| ACTIVITY |
Total the lines of the entries below that hold the string "design", then write only that total.

────

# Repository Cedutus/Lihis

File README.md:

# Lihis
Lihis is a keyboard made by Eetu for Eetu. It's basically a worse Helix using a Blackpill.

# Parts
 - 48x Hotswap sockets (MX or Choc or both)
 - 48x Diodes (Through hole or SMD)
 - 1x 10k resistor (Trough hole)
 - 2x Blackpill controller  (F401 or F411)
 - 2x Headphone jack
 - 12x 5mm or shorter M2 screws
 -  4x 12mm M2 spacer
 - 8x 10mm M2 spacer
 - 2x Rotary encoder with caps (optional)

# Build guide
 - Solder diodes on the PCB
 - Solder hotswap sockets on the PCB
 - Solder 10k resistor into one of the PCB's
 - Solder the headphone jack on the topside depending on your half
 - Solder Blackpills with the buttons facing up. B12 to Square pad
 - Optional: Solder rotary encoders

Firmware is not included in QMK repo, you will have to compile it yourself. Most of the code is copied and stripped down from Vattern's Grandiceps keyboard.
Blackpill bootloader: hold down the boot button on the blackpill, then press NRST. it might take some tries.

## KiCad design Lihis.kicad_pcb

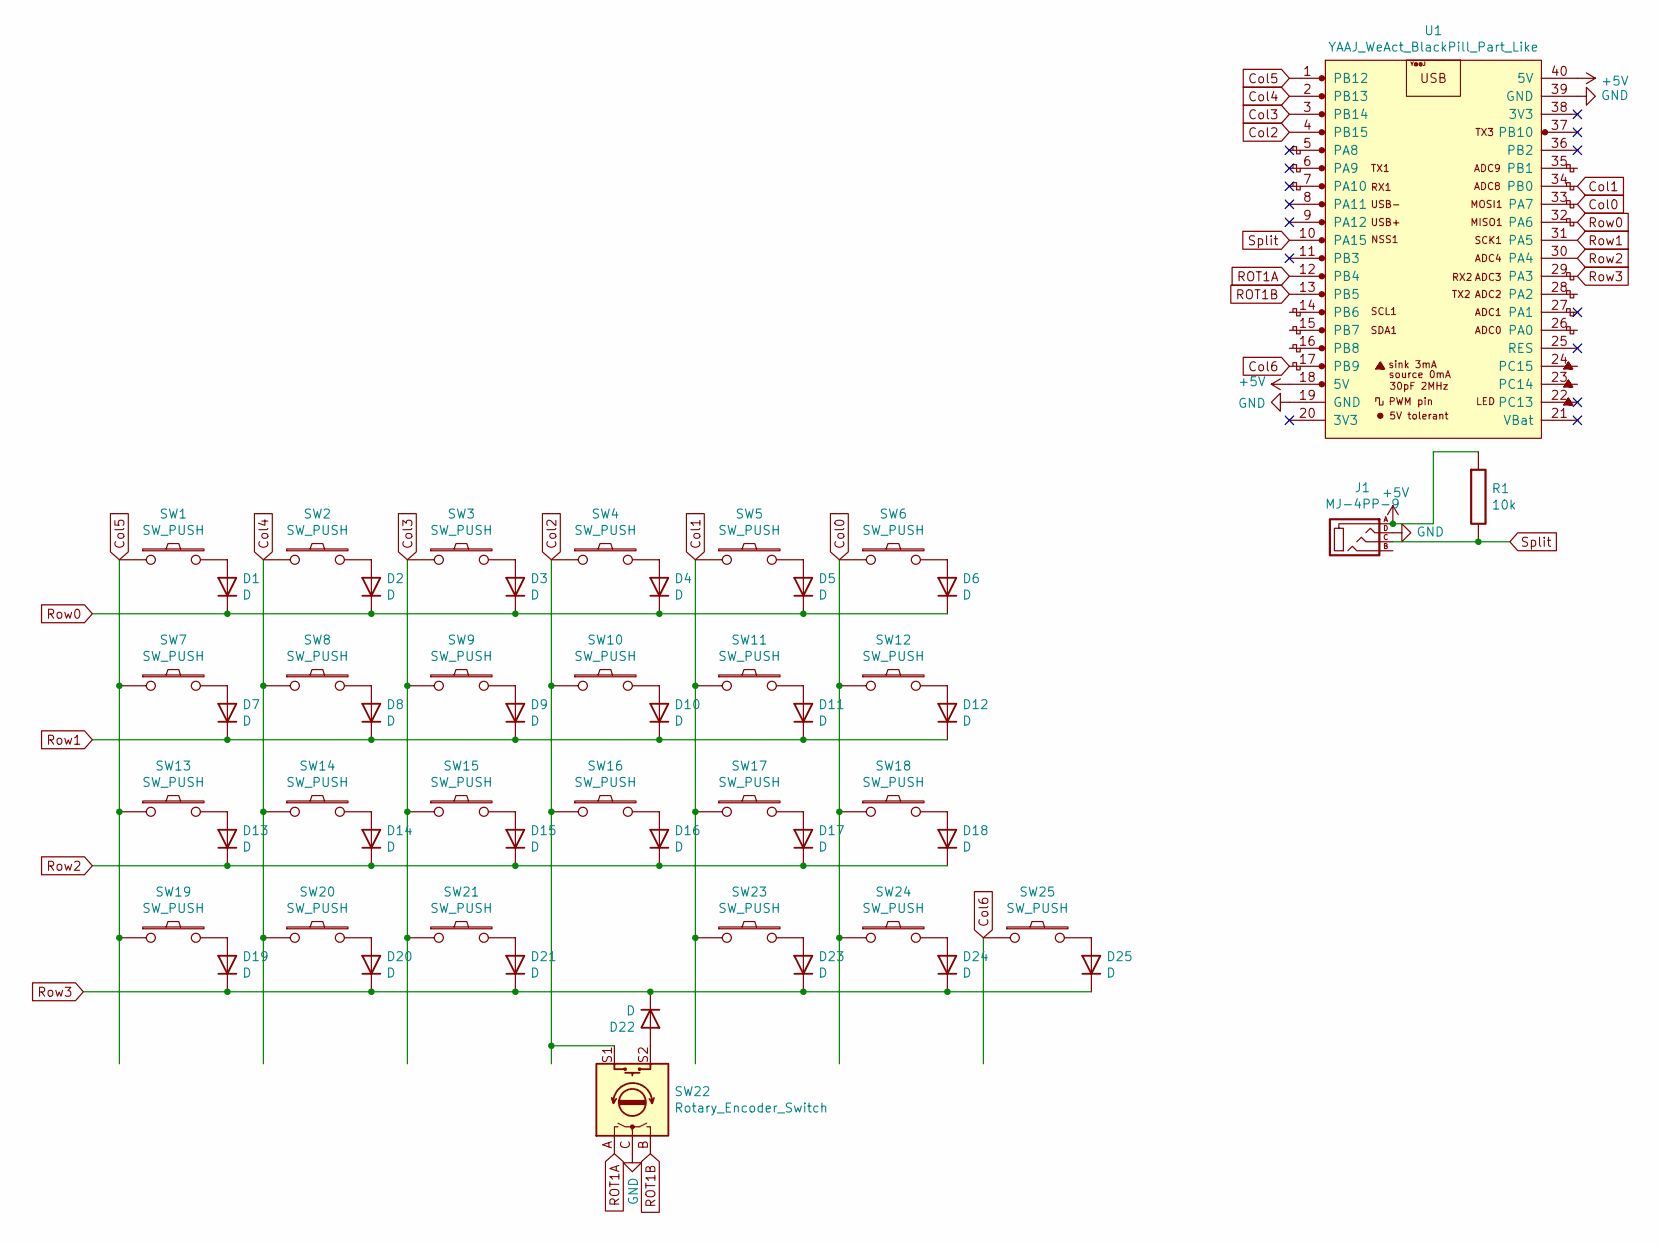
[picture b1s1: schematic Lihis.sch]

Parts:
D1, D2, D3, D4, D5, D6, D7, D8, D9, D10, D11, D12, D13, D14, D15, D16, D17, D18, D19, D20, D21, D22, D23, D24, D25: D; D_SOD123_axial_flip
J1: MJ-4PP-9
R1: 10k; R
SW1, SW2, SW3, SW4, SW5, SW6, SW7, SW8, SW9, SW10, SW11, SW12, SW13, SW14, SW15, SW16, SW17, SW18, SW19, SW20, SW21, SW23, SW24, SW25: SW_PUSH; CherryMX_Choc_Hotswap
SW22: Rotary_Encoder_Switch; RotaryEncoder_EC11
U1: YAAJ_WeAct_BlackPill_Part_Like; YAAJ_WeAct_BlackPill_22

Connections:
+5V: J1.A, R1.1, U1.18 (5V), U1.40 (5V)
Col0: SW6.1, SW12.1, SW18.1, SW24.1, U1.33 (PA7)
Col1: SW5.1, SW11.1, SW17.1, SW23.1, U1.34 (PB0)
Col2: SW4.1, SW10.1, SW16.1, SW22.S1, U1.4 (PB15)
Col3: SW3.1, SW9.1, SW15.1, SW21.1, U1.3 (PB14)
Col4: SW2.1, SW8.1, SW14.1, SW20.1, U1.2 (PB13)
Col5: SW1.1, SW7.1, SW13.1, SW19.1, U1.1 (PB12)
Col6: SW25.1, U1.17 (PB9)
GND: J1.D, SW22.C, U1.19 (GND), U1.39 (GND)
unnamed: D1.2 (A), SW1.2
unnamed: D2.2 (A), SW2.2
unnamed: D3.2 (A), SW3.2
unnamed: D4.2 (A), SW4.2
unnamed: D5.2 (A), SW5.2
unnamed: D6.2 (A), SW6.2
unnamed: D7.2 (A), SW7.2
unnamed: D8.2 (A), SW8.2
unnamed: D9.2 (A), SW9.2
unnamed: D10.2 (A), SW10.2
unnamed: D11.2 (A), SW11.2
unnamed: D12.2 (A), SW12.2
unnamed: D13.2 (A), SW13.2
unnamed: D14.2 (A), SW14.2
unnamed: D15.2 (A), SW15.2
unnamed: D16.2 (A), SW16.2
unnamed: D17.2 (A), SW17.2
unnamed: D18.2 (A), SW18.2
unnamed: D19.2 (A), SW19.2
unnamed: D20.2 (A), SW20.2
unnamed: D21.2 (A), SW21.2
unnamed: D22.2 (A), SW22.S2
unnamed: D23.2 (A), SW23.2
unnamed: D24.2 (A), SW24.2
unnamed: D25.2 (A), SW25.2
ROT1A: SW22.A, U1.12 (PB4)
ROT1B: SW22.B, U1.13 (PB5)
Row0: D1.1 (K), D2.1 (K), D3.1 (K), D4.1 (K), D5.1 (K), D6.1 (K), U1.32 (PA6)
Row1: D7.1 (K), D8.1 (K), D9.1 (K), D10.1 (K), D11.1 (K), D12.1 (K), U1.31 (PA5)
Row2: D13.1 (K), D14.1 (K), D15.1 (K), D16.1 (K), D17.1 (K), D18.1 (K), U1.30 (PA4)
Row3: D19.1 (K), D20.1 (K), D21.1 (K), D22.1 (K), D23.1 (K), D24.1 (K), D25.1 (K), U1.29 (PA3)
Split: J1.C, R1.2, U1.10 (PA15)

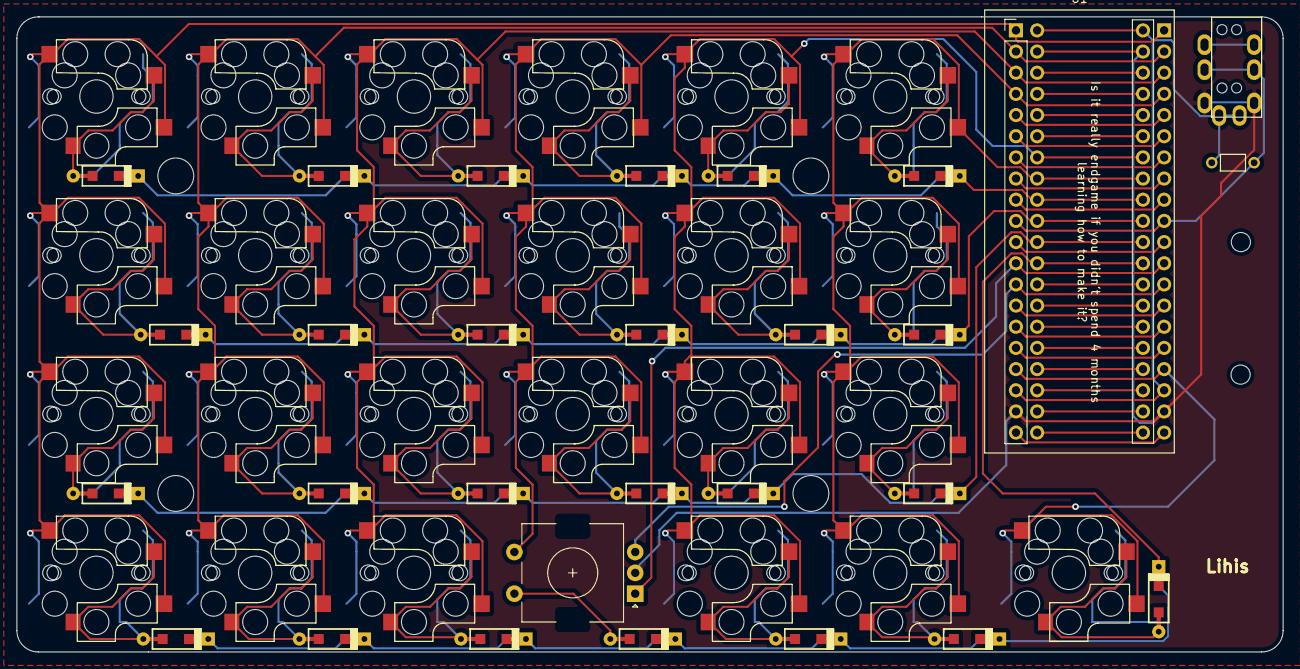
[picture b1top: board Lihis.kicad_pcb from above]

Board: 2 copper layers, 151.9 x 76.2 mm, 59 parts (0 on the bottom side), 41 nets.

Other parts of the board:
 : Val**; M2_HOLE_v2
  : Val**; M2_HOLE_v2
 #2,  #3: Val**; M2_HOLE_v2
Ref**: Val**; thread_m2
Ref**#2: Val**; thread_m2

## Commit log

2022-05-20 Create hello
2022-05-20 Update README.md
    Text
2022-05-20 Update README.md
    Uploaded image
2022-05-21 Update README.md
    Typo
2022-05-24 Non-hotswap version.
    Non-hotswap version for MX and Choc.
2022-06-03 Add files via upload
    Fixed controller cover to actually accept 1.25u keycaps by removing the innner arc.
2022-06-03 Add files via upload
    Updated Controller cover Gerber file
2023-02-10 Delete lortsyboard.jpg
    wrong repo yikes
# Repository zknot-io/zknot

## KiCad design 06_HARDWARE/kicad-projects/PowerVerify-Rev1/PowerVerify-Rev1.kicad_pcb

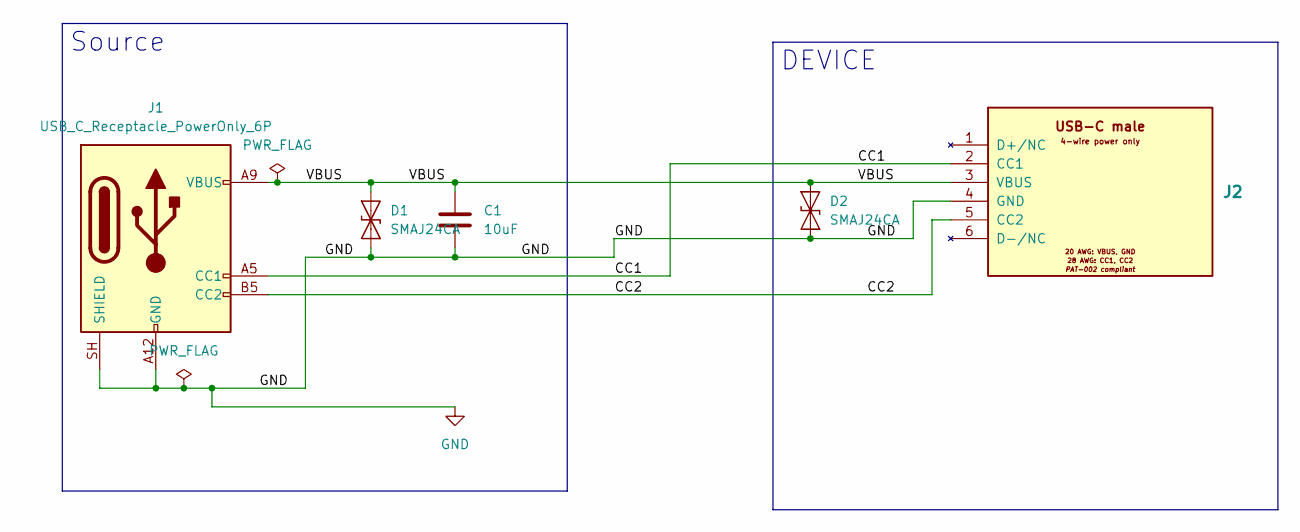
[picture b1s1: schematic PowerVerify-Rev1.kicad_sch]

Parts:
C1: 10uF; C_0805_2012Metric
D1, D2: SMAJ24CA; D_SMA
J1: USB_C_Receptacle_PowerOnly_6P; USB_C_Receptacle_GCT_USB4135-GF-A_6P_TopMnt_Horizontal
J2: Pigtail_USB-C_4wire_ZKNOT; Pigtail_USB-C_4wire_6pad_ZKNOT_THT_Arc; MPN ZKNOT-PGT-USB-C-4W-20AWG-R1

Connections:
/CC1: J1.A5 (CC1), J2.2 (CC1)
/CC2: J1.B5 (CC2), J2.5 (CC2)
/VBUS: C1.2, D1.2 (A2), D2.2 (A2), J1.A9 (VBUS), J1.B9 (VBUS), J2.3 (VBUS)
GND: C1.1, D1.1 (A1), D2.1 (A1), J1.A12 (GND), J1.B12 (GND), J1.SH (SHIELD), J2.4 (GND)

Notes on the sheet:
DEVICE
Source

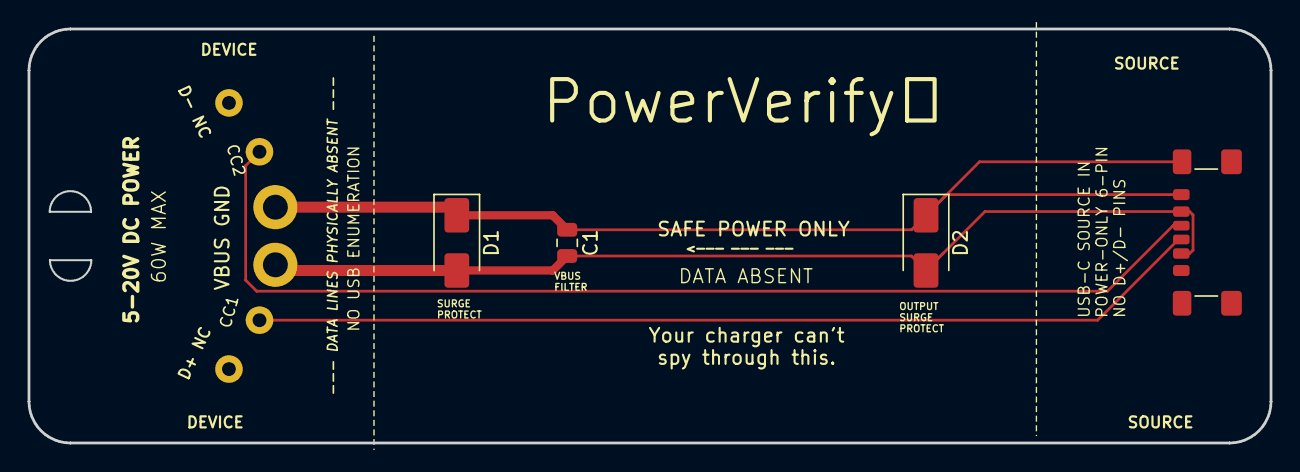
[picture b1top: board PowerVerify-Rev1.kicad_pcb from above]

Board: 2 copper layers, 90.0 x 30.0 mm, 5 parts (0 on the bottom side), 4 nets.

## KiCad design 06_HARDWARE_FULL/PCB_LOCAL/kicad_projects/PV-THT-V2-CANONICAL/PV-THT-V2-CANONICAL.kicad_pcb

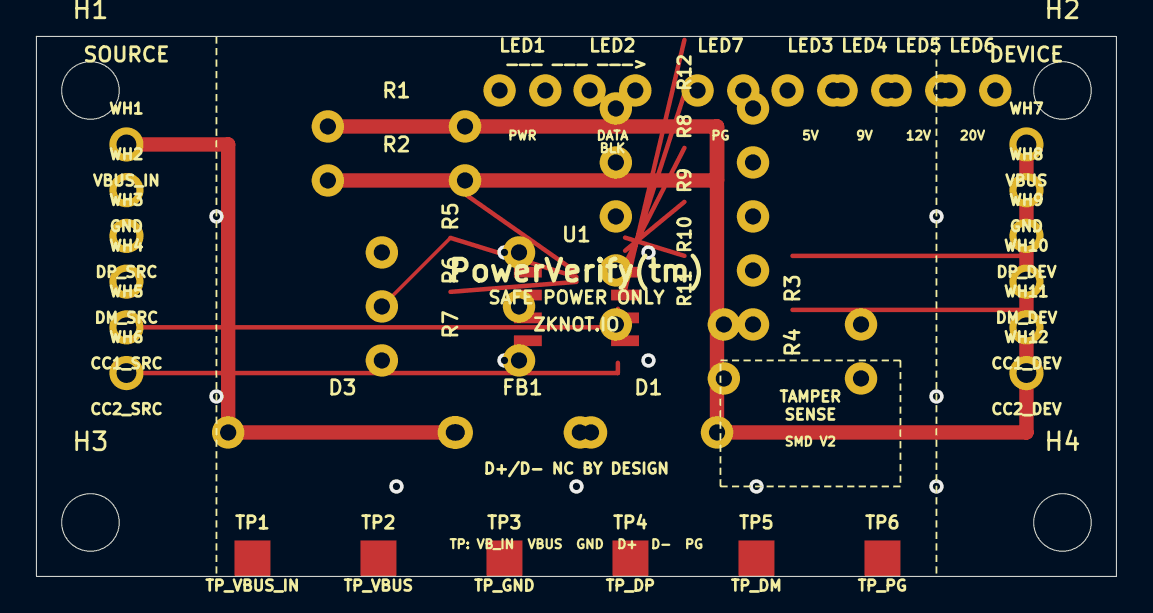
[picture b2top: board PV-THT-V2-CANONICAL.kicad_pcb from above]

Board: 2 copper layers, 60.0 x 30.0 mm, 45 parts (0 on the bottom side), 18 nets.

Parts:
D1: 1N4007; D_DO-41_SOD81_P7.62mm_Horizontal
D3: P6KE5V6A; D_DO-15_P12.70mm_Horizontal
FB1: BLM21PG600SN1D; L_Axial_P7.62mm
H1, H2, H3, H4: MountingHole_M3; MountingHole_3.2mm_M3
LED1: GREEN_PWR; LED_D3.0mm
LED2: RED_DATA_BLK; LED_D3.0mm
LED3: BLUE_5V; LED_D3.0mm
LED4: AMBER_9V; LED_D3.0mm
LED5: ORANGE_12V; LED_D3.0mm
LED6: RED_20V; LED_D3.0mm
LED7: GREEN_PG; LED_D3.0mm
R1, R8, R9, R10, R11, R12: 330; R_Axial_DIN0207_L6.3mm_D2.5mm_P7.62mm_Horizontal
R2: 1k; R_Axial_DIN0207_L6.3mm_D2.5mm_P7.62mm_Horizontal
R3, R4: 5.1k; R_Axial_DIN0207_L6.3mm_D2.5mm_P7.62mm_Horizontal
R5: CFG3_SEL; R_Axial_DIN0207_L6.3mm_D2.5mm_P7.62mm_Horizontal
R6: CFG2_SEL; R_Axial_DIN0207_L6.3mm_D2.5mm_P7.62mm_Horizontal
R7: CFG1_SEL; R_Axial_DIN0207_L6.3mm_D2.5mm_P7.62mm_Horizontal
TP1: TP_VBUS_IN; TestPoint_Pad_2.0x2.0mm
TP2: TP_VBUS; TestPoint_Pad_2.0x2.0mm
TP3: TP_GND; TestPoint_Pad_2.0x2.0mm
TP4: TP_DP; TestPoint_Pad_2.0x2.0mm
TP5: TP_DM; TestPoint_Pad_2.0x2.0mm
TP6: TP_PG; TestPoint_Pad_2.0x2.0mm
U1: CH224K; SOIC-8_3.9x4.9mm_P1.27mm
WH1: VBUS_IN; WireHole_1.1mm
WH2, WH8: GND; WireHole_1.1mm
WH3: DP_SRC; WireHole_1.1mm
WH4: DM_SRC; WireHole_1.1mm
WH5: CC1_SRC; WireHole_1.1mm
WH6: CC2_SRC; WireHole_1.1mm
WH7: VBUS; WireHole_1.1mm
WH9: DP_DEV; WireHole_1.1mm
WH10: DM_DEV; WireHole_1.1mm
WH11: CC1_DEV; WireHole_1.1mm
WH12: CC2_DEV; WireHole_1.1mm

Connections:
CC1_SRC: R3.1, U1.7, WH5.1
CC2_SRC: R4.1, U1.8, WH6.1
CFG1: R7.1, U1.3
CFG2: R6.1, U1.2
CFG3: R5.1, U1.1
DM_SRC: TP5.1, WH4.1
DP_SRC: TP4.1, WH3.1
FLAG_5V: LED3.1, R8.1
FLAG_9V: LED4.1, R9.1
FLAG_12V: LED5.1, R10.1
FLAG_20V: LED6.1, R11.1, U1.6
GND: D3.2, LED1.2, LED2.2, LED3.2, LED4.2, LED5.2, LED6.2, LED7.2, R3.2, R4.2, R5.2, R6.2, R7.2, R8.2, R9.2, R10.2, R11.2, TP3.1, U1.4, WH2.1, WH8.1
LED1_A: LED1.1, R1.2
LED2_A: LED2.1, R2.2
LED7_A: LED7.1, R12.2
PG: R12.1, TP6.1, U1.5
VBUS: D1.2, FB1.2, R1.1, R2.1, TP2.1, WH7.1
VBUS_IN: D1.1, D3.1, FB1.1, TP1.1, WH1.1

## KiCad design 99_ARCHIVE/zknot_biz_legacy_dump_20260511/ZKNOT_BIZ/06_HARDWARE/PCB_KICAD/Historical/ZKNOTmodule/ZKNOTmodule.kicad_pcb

────

| SOLUTION BELOW |
4